=== Work instructions ===
Copy out each line of the data that holds the string "SystemTargetFile".

=== Extracted information ===
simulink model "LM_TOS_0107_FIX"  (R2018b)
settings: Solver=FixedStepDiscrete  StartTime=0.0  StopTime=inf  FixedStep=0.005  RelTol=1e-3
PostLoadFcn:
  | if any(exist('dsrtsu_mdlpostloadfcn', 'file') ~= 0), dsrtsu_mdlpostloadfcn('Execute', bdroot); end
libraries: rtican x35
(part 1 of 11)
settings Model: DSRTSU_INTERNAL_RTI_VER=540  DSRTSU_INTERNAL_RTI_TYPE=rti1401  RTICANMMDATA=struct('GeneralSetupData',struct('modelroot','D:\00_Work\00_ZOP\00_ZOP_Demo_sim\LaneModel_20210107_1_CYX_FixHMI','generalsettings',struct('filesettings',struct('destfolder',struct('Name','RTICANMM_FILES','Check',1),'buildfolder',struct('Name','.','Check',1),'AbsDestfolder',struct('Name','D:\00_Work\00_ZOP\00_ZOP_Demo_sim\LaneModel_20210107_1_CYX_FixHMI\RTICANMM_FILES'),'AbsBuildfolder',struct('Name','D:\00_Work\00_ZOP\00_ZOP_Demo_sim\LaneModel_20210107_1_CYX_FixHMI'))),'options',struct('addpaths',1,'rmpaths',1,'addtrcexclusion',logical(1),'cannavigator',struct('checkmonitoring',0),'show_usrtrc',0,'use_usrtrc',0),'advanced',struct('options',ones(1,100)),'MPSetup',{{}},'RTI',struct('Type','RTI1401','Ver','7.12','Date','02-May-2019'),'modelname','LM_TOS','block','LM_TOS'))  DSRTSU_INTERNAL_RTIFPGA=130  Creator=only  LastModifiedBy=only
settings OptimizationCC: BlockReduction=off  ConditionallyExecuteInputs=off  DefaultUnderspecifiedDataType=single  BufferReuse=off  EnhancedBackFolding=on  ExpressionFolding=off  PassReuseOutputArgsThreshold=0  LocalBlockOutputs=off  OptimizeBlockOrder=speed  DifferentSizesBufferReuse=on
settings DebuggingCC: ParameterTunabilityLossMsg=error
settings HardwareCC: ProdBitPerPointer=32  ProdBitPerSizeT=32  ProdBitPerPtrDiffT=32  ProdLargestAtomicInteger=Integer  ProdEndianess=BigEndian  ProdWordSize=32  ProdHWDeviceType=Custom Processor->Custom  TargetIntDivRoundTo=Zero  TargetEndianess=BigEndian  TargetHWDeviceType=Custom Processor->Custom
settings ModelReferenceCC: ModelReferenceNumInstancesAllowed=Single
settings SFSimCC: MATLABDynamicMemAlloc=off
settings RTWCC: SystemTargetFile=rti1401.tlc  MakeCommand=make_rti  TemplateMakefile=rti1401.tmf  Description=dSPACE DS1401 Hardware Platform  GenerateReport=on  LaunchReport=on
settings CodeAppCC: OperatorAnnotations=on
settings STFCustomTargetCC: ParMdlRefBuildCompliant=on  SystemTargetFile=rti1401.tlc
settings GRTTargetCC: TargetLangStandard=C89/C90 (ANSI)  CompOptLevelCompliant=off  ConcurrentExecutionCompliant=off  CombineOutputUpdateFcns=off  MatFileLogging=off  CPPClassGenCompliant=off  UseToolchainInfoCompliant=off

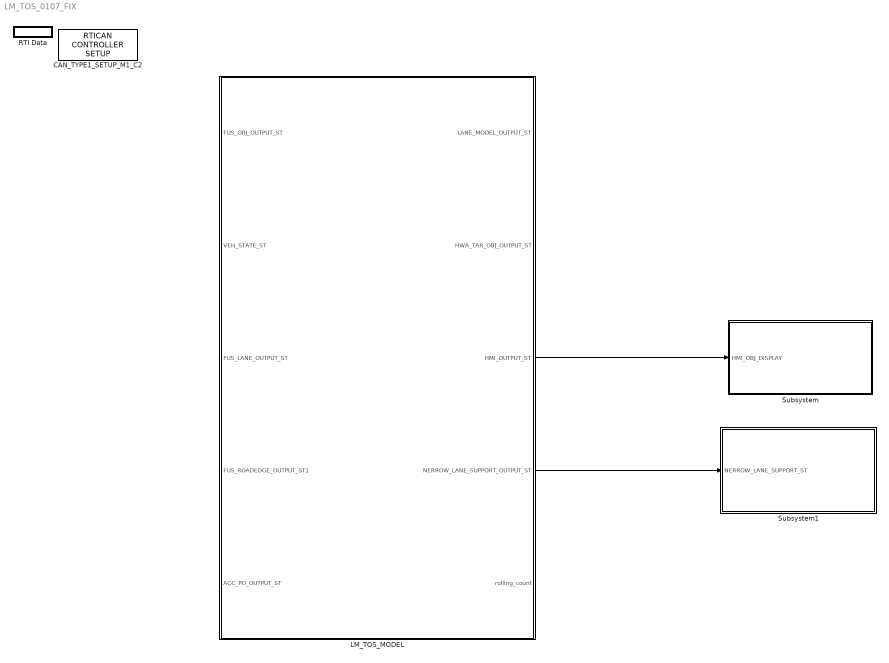
== system LM_TOS_0107_FIX ==
  CAN_TYPE1_SETUP_M1_C2 : rtican/RTICAN CONTROLLER SETUP   Reserved1=[]  Reserved2=[]  Reserved3=[]  Reserved4=[]  AcceptanceMask=[]  ArbitrationField=[]  Parameters=[]  SFcnRTICANSettings=[]  MS_Struct=[]  BoardTypeNo=[]  BoardNo=[]  ChannelNo=[]  DialogFcn=[]  UnitName=[]  Revision=[]  UnitValues=[]  DSProperties=struct('RTI',struct('Version',uint32(12),'BlockType',struct('isSLSource',uint8(0),'isSLSink',uint8(0),'isHWSource',uint8(0),'isHWSink',uint8(0),'isSetup',uint8(1),'isInline',uint8(1),'isNonInline',uint8(0),'isInterrupt',uint8(0),'isChannelwise',uint8(0)),'IOBoardType','RTICAN','UnitType','NON_MESSAGE','Identifier','MASTER','DialogType','ML','BlockSet','RTICAN','SlaveProcessor','CAN'))  RTIBlockInterface=struct('InputPortsWidth',int32(0),'InputPortsActive',0,'OutputPortsWidth',int32(0),'OutputPortsActive',0,'DialogFcn','rtican_master_setup_gui','BlockDisplay',{{['CAN CONTROLLER\n SETUP'],'center'}},'IconTransparency','on','InitLevel',3,'IWork',{{{'',uint32(2)}}},'BlockName',struct('Token',{{'CAN_TYPE','_SETUP_M','_C'}},'BlockParam',{{'BoardTypeNo','BoardNo','ChannelNo'}}),'ParameterTunableNames',{{}})  RTIBlockParameters="struct('BoardTypeNo',{{1,'OFF',[]}},'BoardNo',{{1,'ON',[1 16]}},'ChannelNo',{{2,'ON',[1 2]}},'AcceptanceMask',{{0,'OFF',[]}},'ArbitrationField',{{0,'OFF',[]}},'Parameters',{{struct('Config',struct('Baudrate',500,'SampleMode',1,'UsedParamSet',1,'validSettings',1,'isBTRvalues',0,'Advanced',struct('Baudrate',{500,500,500},'Frequency',{24000000,36000000,64000000},'Settings',{struct('SMPL',0,'BRP',0,'NBT',24,'TSEG1',15,'TSEG2',6,'SJW',3,'SP',70),struct('SMPL',0,'BRP',1,'NBT',18,'TSEG1',14,'TSEG2',1,'SJW',1,'SP',88),struct('SMPL',0,'BRP',3,'NBT',16,'TSEG1',12,'TSEG2',1,'SJW',1,'SP',87)},'BTR0',{192,65,67},'BTR1',{111,30,28})),'configType',1,'Options',struct('DataFileSelected',1,'DataFileName',{{'c:\\users\\only\\desktop\\mab_ipc_v1.8.dbc'}},'DataFileDate',{{['28-12月-2020 13:33:19']}},'InterfaceFcn','rtican_dbc_file_parser','InterfaceFcnFileName','','LabelConfigType','volatile','AcceptanceMaskSelected',0,'MsgDataType','AllwaysDouble','NumType','hex','MaskType','STD','AcceptanceMask',0,'ArbitrationField',0,'UseMultipleMessageAccess',0),'RxReceiveStdOptions',struct('RxServiceStdEnabled',0,'RxServiceStdMsgIdent',1000,'RxServiceStdIdentNumType',1,'RxServiceStdIdentMask',0,'RxServiceStdMaskNumType',1,'RxServiceStdQueueSize',64),'RxReceiveXtdOptions',struct('RxServiceXtdEnabled',0,'RxServiceXtdMsgIdent',1001,'RxServiceXtdIdentNumType',1,'RxServiceXtdIdentMask',0,'RxServiceXtdMaskNumType',1,'RxServiceXtdQueueSize',64),'PartialNetworkingOptions',struct('switchedon',0,'format',1,'idmask',['    XXXXX XXXXXXXX XXXXXXXX XXXXXXXX'],'idcode','0','idfilter','0','datamaskused',0,'datalength',1,'datamask','0x0000000000000000','partialnetworkenable',0),'general',struct('Termination_common',1,'Termination_C252',1,'BusConfigurationRegister',0,'Transceiver','ISO11898','isFromLib',0)),'OFF',[]}},'CCPParameters',{{struct('CRO',struct('Format','STD','NumFormat','hex','Id',1639),'DTO',struct('Format','STD','NumFormat','hex','Id',2017),'StationAdr',struct('NumFormat','hex','Value',57),'StationId',struct('Value',['dSPACE CCP Service']),'Enabled',0),'OFF',[]}},'XCPParameters',{{struct('MASTER',struct('Format','STD','NumFormat','hex','Id',256),'SLAVE',struct('Format','STD','NumFormat','hex','Id',510),'Enabled',0,'PIDTransmissionEnabled',0),'OFF',[]}},'GroupId',{{struct('Group',{{'RTICAN'}},'No',1,'Behavior',{{'EVER'}},'BlockType',{{'SOURCE'}},'NameChangeFlag',1),'OFF',[]}},'SFcnRTICANSettings',{{struct('Baudrate',500,'configType',1,'AdvancedConfig',struct('Frequency',{},'BTR0',{},'BTR1',{}),'UsedParamSet',1,'STDMaskSelected','no','XTDMaskSelected','no','BoardType','DS1','BoardNo',1,'ControllerNo',2,'Transceiver','ISO11898','BusConfigRegister',0,'TerminationRes',120,'UseMultipleMessageAccess','no','STDRXSrvcUsed','no','STDRXSrvcMsgId',1000,'STDRXSrvcMsgMask',0,'STDRXSrvcQueueSize',64,'XTDRXSrvcUsed','no','XTDRXSrvcMsgId',1001,'XTDRXSrvcQueueSize',64,'XTDRXSrvcMsgMask',0,'PN_IsPNTransciever',0,'PN_IsPNEnabled',0,'PN_MsgFormat',1,'PN_idcode',0,'PN_idmask',2047,'PN_datamaskused',0,'PN_datalength',0,'PN_datamask',['0xFF, 0xFF, 0xFF, 0xFF, 0xFF, 0xFF, 0xFF, 0xFF']),'OFF',[]}},'SFcnRTICCPSettings',{{struct('CRO',struct('Format','STD','NumFormat','hex','Id',1639),'DTO',struct('Format','STD','NumFormat','hex','Id',2017),'StationAdr',struct('NumFormat','hex','Value',57),'StationId',struct('Value',['dSPACE CCP Service']),'Enabled',0),'OFF',[]}},'SFcnRTIXCPSettings',{{struct('MASTER',struct('Format','STD','NumFormat','hex','Id',256),'SLAVE',struct('Format','STD','NumFormat','hex','Id',510),'Enabled',0,'PIDTransmissionEnabled',0),'OFF',[]}},'TLCFileName',{{'rtican_master_setup','OFF',[]}})"  RTISFcnParameters=struct('SFcnRTICANSettings','struct','SFcnRTICCPSettings','struct','SFcnRTIXCPSettings','struct','AcceptanceMask','int32','ArbitrationField','int32','TLCFileName','char')  RTIBlockParaDefault="struct('BoardTypeNo',4302,'BoardNo',1,'ChannelNo',1,'AcceptanceMask',0,'ArbitrationField',0,'Parameters',struct('Config',struct('Baudrate',500,'SampleMode',1,'UsedParamSet',1,'validSettings',1,'isBTRvalues',0,'Advanced',struct('Frequency',16000000,'BTR0',64,'BTR1',28,'Settings',struct('SMPL',0,'BRP',0,'NBT',16,'TSEG1',12,'TSEG2',1,'SJW',1,'SP',87))),'configType',1,'Options',struct('DataFileSelected',0,'DataFileName',{{['<no datafile support>']}},'DataFileDate',{{''}},'InterfaceFcn','rtican_dbc_file_parser','InterfaceFcnFileName','','LabelConfigType','volatile','AcceptanceMaskSelected',0,'MsgDataType','AllwaysDouble','NumType','hex','MaskType','STD','AcceptanceMask',0,'ArbitrationField',0,'UseMultipleMessageAccess',0),'RxReceiveStdOptions',struct('RxServiceStdEnabled',0,'RxServiceStdMsgIdent',1000,'RxServiceStdIdentNumType',1,'RxServiceStdIdentMask',0,'RxServiceStdMaskNumType',1,'RxServiceStdQueueSize',64),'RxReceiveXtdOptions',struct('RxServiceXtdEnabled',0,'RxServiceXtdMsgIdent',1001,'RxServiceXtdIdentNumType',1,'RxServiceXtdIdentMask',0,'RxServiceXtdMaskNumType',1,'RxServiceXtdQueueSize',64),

=== Solution to the exercise ===
settings RTWCC: SystemTargetFile=rti1401.tlc  MakeCommand=make_rti  TemplateMakefile=rti1401.tmf  Description=dSPACE DS1401 Hardware Platform  GenerateReport=on  LaunchReport=on
settings STFCustomTargetCC: ParMdlRefBuildCompliant=on  SystemTargetFile=rti1401.tlc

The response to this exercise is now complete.